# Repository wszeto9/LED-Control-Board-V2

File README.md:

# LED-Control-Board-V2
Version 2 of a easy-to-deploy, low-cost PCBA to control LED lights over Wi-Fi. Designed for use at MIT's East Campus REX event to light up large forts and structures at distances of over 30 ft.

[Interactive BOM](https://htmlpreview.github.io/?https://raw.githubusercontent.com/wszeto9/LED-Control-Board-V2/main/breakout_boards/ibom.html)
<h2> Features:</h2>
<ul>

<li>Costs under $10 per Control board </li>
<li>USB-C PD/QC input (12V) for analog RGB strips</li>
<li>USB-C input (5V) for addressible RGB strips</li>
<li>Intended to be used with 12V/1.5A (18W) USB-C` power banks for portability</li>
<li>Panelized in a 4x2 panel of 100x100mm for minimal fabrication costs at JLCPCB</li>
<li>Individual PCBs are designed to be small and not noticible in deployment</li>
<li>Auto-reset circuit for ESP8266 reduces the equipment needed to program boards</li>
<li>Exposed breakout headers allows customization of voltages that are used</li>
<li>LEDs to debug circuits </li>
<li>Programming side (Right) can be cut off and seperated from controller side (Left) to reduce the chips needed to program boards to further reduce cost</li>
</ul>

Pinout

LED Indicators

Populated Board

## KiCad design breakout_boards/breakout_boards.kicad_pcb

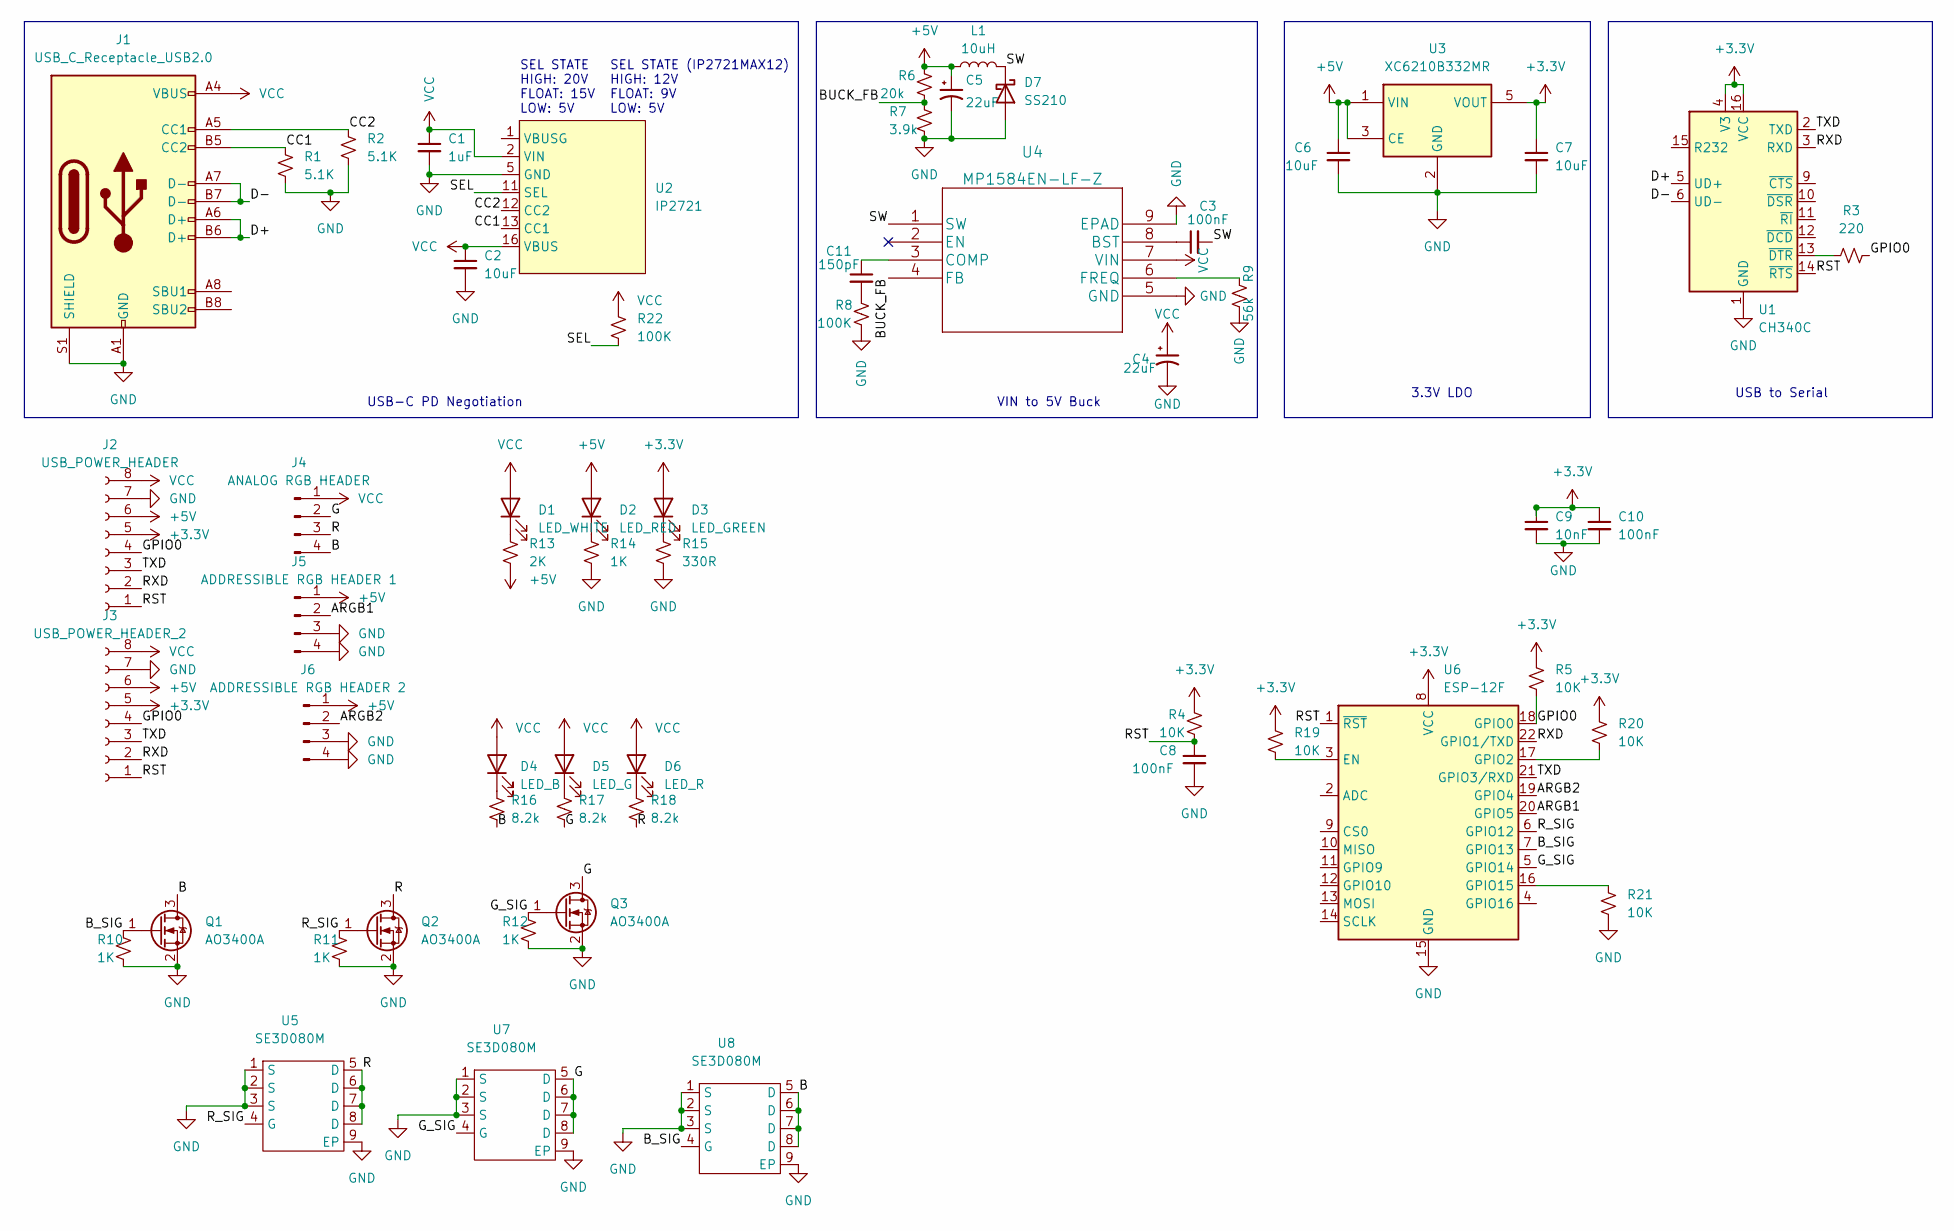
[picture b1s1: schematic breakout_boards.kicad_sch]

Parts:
C1: 1uF; C_0402_1005Metric; LCSC Part Number C52923
C2: 10uF; C_0603_1608Metric; LCSC Part Number C96446
C3: 100nF; C_0402_1005Metric; LCSC Part Number C52923
C4, C5: 22uF; C_0805_2012Metric; LCSC Part Number C45783
C6, C7: 10uF; C_0402_1005Metric; LCSC Part Number C15525
C8, C10: 100nF; C_0402_1005Metric; LCSC Part Number C1525
C9: 10nF; C_0402_1005Metric; LCSC Part Number C15195
C11: 150pF; C_0402_1005Metric; LCSC Part Number C52923
D1: LED_WHITE; LED_0603_1608Metric; LCSC Part Number C72038
D2: LED_RED; LED_0603_1608Metric; LCSC Part Number C2290
D3: LED_GREEN; LED_0603_1608Metric; LCSC Part Number C72043
D4: LED_B; LED_0603_1608Metric; LCSC Part Number C72043
D5: LED_G; LED_0603_1608Metric; LCSC Part Number C72043
D6: LED_R; LED_0603_1608Metric; LCSC Part Number C72043
D7: SS210; D_SMA
J1: USB_C_Receptacle_USB2.0; USB_C_Receptacle_Palconn_UTC16-G; LCSC Part Number C165948
J2: USB_POWER_HEADER; PinSocket_1x08_P2.54mm_Vertical
J3: USB_POWER_HEADER_2; PinSocket_1x08_P2.54mm_Vertical
J4: ANALOG RGB HEADER; PinHeader_1x04_P2.54mm_Vertical
J5: ADDRESSIBLE RGB HEADER 1; PinHeader_1x04_P2.54mm_Vertical
J6: ADDRESSIBLE RGB HEADER 2; PinHeader_1x04_P2.54mm_Vertical
L1: 10uH; L_Taiyo-Yuden_NR-40xx; LCSC Part Number C135263
Q1, Q2, Q3: AO3400A; SOT-23; LCSC Part Number C20917
R1, R2: 5.1K; R_0402_1005Metric; LCSC Part Number C25905
R3: 220; R_0603_1608Metric; LCSC Part Number C22962
R4, R5, R19, R20, R21: 10K; R_0402_1005Metric; LCSC Part Number C25744
R6: 20k; R_0402_1005Metric; LCSC Part Number C25741
R7: 3.9k; R_0402_1005Metric; LCSC Part Number C25762
R8, R22: 100K; R_0402_1005Metric; LCSC Part Number C25741
R9: 56k; R_0402_1005Metric; LCSC C25796
R10, R11, R12, R14: 1K; R_0402_1005Metric; LCSC Part Number C11702
R13: 2K; R_0402_1005Metric; LCSC Part Number C4109
R15: 330R; R_0402_1005Metric; LCSC Part Number C25104
R16, R17, R18: 8.2k; R_0402_1005Metric; LCSC Part Number C25104
U1: CH340C; SOIC-16_3.9x9.9mm_P1.27mm; LCSC Part Number C84681
U2: IP2721; TSSOP-16_4.4x5mm_P0.65mm; LCSC Part Number C603176
U3: XC6210B332MR; SOT-23-5; LCSC Part Number C424705
U4: MP1584EN-LF-Z; SOIC-8-1EP_3.9x4.9mm_P1.27mm_EP2.62x3.51mm
U5, U7, U8: SE3D080M; DFN-8-1EP_3x3mm_P0.65mm_EP1.55x2.4mm
U6: ESP-12F; ESP-12E

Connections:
+3V3: C7.1, C9.1, C10.1, D3.2 (A), J2.5, J3.5, R4.2, R5.1, R19.2, R20.1, U1.4 (V3), U1.16 (VCC), U3.5 (VOUT), U6.8 (VCC)
+5V: C5.1, C6.1, D2.2 (A), J2.6, J3.6, J5.1, J6.1, L1.1, R6.1, R13.2, U3.1 (VIN), U3.3 (CE)
/ARGB1: J5.2, U6.20 (GPIO5)
/ARGB2: J6.2, U6.19 (GPIO4)
/B: J4.4, Q1.3 (D), R16.2, U8.5 (D), U8.6 (D), U8.7 (D), U8.8 (D)
/BUCK_FB: R6.2, R7.1, U4.4 (FB)
/B_SIG: Q1.1 (G), R10.1, U6.7 (GPIO13), U8.4 (G)
/CC1: J1.B5 (CC2), R1.1, U2.13 (CC1)
/CC2: J1.A5 (CC1), R2.1, U2.12 (CC2)
/D+: J1.A6 (D+), J1.B6 (D+), U1.5 (UD+)
/D-: J1.A7 (D-), J1.B7 (D-), U1.6 (UD-)
/G: J4.2, Q3.3 (D), R17.2, U7.5 (D), U7.6 (D), U7.7 (D), U7.8 (D)
/GPIO0: J2.4, J3.4, R3.2, R5.2, U6.18 (GPIO0)
/G_SIG: Q3.1 (G), R12.1, U6.5 (GPIO14), U7.4 (G)
/R: J4.3, Q2.3 (D), R18.2, U5.5 (D), U5.6 (D), U5.7 (D), U5.8 (D)
/RST: C8.1, J2.1, J3.1, R4.1, U1.14 (~RTS), U6.1 (~RST)
/RXD: J2.2, J3.2, U1.3 (RXD), U6.22 (GPIO1/TXD)
/R_SIG: Q2.1 (G), R11.1, U5.4 (G), U6.6 (GPIO12)
/SEL: R22.2, U2.11 (SEL)
/SW: C3.2, D7.1 (K), L1.2, U4.1 (SW)
/TXD: J2.3, J3.3, U1.2 (TXD), U6.21 (GPIO3/RXD)
GND: C1.2, C2.2, C4.2, C5.2, C6.2, C7.2, C8.2, C9.2, C10.2, D7.2 (A), J1.A1 (GND), J1.A12 (GND), J1.B1 (GND), J1.B12 (GND), J1.S1 (SHIELD), J2.7, J3.7, J5.3, J5.4, J6.3, J6.4, Q1.2 (S), Q2.2 (S), Q3.2 (S), R1.2, R2.2, R7.2, R8.2, R9.2, R10.2, R11.2, R12.2, R14.2, R15.2, R21.2, U1.1 (GND), U2.5 (GND), U3.2 (GND), U4.5 (GND), U4.9 (EPAD), U5.1 (S), U5.2 (S), U5.3 (S), U5.9 (EP), U6.15 (GND), U7.1 (S), U7.2 (S), U7.3 (S), U7.9 (EP), U8.1 (S), U8.2 (S), U8.3 (S), U8.9 (EP)
unnamed: C3.1, U4.8 (BST)
unnamed: C11.1, U4.3 (COMP)
unnamed: C11.2, R8.1
unnamed: D1.1 (K), R13.1
unnamed: D2.1 (K), R14.1
unnamed: D3.1 (K), R15.1
unnamed: D4.1 (K), R16.1
unnamed: D5.1 (K), R17.1
unnamed: D6.1 (K), R18.1
unnamed: R3.1, U1.13 (~DTR)
unnamed: R9.1, U4.6 (FREQ)
unnamed: R19.1, U6.3 (EN)
unnamed: R20.2, U6.17 (GPIO2)
unnamed: R21.1, U6.16 (GPIO15)
VCC: C1.1, C2.1, C4.1, D1.2 (A), D4.2 (A), D5.2 (A), D6.2 (A), J1.A4 (VBUS), J1.A9 (VBUS), J1.B4 (VBUS), J1.B9 (VBUS), J2.8, J3.8, J4.1, R22.1, U2.2 (VIN), U2.16 (VBUS), U4.7 (VIN)

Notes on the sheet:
SEL STATE HIGH: 20V FLOAT: 15V LOW: 5V
VIN to 5V Buck
USB-C PD Negotiation
SEL STATE (IP2721MAX12) HIGH: 12V FLOAT: 9V LOW: 5V
USB to Serial
3.3V LDO

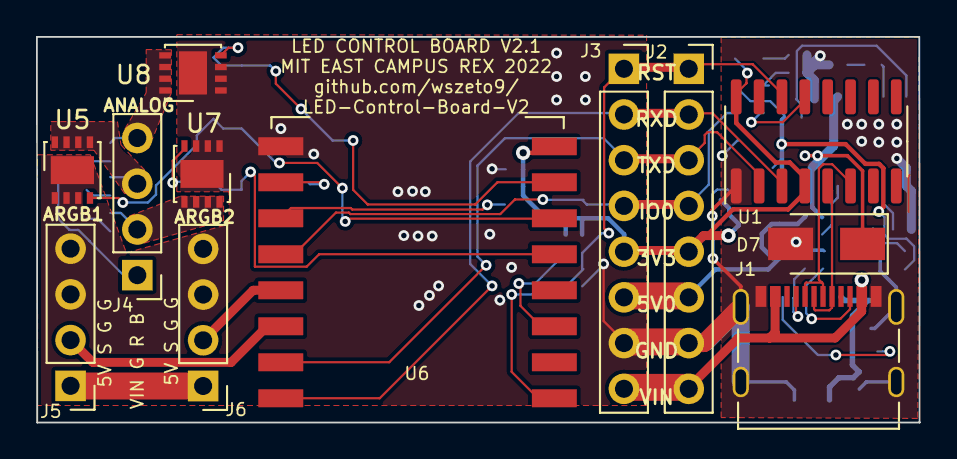
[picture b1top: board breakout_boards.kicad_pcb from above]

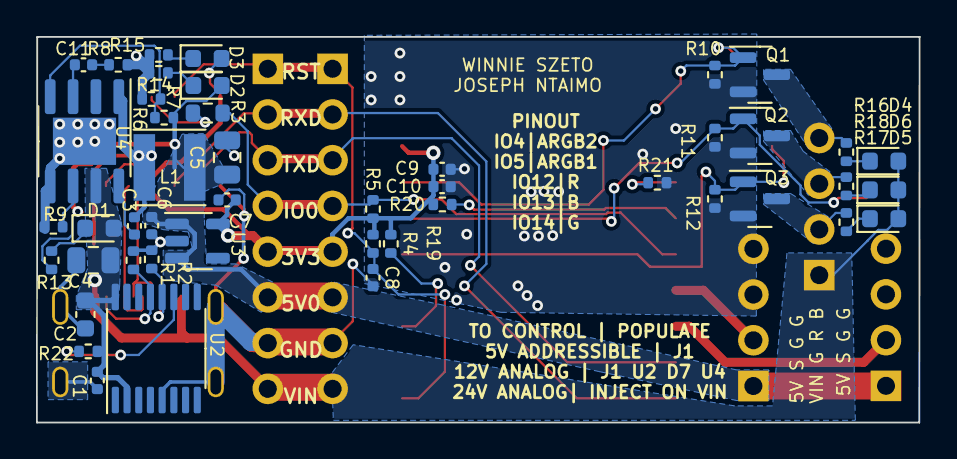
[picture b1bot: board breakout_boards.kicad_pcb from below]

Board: 2 copper layers, 49.0 x 21.4 mm, 58 parts (46 on the bottom side), 37 nets.

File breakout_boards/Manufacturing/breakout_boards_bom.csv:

Comment,Designator,Footprint,LCSC
"1uF","C1,C3","Capacitor_SMD:C_0402_1005Metric","C52923"
"10uF","C2","Capacitor_SMD:C_0603_1608Metric","C96446"
"22uF","C4,C5","Capacitor_SMD:C_0805_2012Metric","C45783"
"10uF","C6,C7","Capacitor_SMD:C_0402_1005Metric","C15525"
"100nF","C8,C10","Capacitor_SMD:C_0402_1005Metric","C1525"
"10nF","C9","Capacitor_SMD:C_0402_1005Metric","C15195"
"LED","D1,D2,D3,D4,D5,D6","LED_SMD:LED_0603_1608Metric","C72038"
"USB_C_Receptacle_USB2.0","J1","Connector_USB:USB_C_Receptacle_Palconn_UTC16-G","C165948"
"USB_POWER_HEADER","J2","Connector_PinSocket_2.54mm:PinSocket_1x08_P2.54mm_Vertical",""
"USB_POWER_HEADER_2","J3","Connector_PinSocket_2.54mm:PinSocket_1x08_P2.54mm_Vertical",""
"ANALOG RGB HEADER","J4","Connector_PinHeader_2.54mm:PinHeader_1x04_P2.54mm_Vertical",""
"ADDRESSIBLE RGB HEADER 1","J5","Connector_PinHeader_2.54mm:PinHeader_1x04_P2.54mm_Vertical",""
"ADDRESSIBLE RGB HEADER 2","J6","Connector_PinHeader_2.54mm:PinHeader_1x04_P2.54mm_Vertical",""
"10uH","L1","Inductor_SMD:L_Taiyo-Yuden_NR-40xx","C135263"
"AO3400A","Q1,Q2,Q3","Package_TO_SOT_SMD:SOT-23","C20917"
"5.1K","R1,R2","Resistor_SMD:R_0402_1005Metric","C25905"
"1K","R10,R11,R12,R14,R16,R17,R18","Resistor_SMD:R_0402_1005Metric","C11702"
"2K","R13","Resistor_SMD:R_0402_1005Metric","C4109"
"330R","R15","Resistor_SMD:R_0402_1005Metric","C25104"
"220","R3","Resistor_SMD:R_0603_1608Metric","C22962"
"10K","R4,R5,R9,R19,R20,R21","Resistor_SMD:R_0402_1005Metric","C25744"
"100K","R6,R22","Resistor_SMD:R_0402_1005Metric","C25741"
"18K","R7","Resistor_SMD:R_0402_1005Metric","C25762"
"12K","R8","Resistor_SMD:R_0402_1005Metric","C25752"
"CH340C","U1","Package_SO:SOIC-16_3.9x9.9mm_P1.27mm","C84681"
"IP2721","U2","Package_SO:TSSOP-16_4.4x5mm_P0.65mm","C603176"
"XC6210B332MR","U3","Package_TO_SOT_SMD:SOT-23-5","C424705"
"MT1470","U5","Package_TO_SOT_SMD:TSOT-23-6","C181781"
"ESP-12F","U6","RF_Module:ESP-12E",""

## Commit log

2022-03-28 added documentation
2022-06-18 V2.1
    Increased current capacity, changed modules to be 30V tolerant
2022-07-10 updated gitignore
2023-01-25 Created V3
2023-01-25 Revert "Created V3"
    This reverts commit 6f3930c4007686c3b7fe351275924e18ed986947.

============================================================

## PROBLEM DETAILS:
The lines above from the one with "(~RTS), U6.1 (~RST)" through the one with "unnamed: C11.2, R8.1" are to be duplicated exactly, ends included, with nothing added.

## RESPONSE TO THIS TASK:
/RST: C8.1, J2.1, J3.1, R4.1, U1.14 (~RTS), U6.1 (~RST)
/RXD: J2.2, J3.2, U1.3 (RXD), U6.22 (GPIO1/TXD)
/R_SIG: Q2.1 (G), R11.1, U5.4 (G), U6.6 (GPIO12)
/SEL: R22.2, U2.11 (SEL)
/SW: C3.2, D7.1 (K), L1.2, U4.1 (SW)
/TXD: J2.3, J3.3, U1.2 (TXD), U6.21 (GPIO3/RXD)
GND: C1.2, C2.2, C4.2, C5.2, C6.2, C7.2, C8.2, C9.2, C10.2, D7.2 (A), J1.A1 (GND), J1.A12 (GND), J1.B1 (GND), J1.B12 (GND), J1.S1 (SHIELD), J2.7, J3.7, J5.3, J5.4, J6.3, J6.4, Q1.2 (S), Q2.2 (S), Q3.2 (S), R1.2, R2.2, R7.2, R8.2, R9.2, R10.2, R11.2, R12.2, R14.2, R15.2, R21.2, U1.1 (GND), U2.5 (GND), U3.2 (GND), U4.5 (GND), U4.9 (EPAD), U5.1 (S), U5.2 (S), U5.3 (S), U5.9 (EP), U6.15 (GND), U7.1 (S), U7.2 (S), U7.3 (S), U7.9 (EP), U8.1 (S), U8.2 (S), U8.3 (S), U8.9 (EP)
unnamed: C3.1, U4.8 (BST)
unnamed: C11.1, U4.3 (COMP)
unnamed: C11.2, R8.1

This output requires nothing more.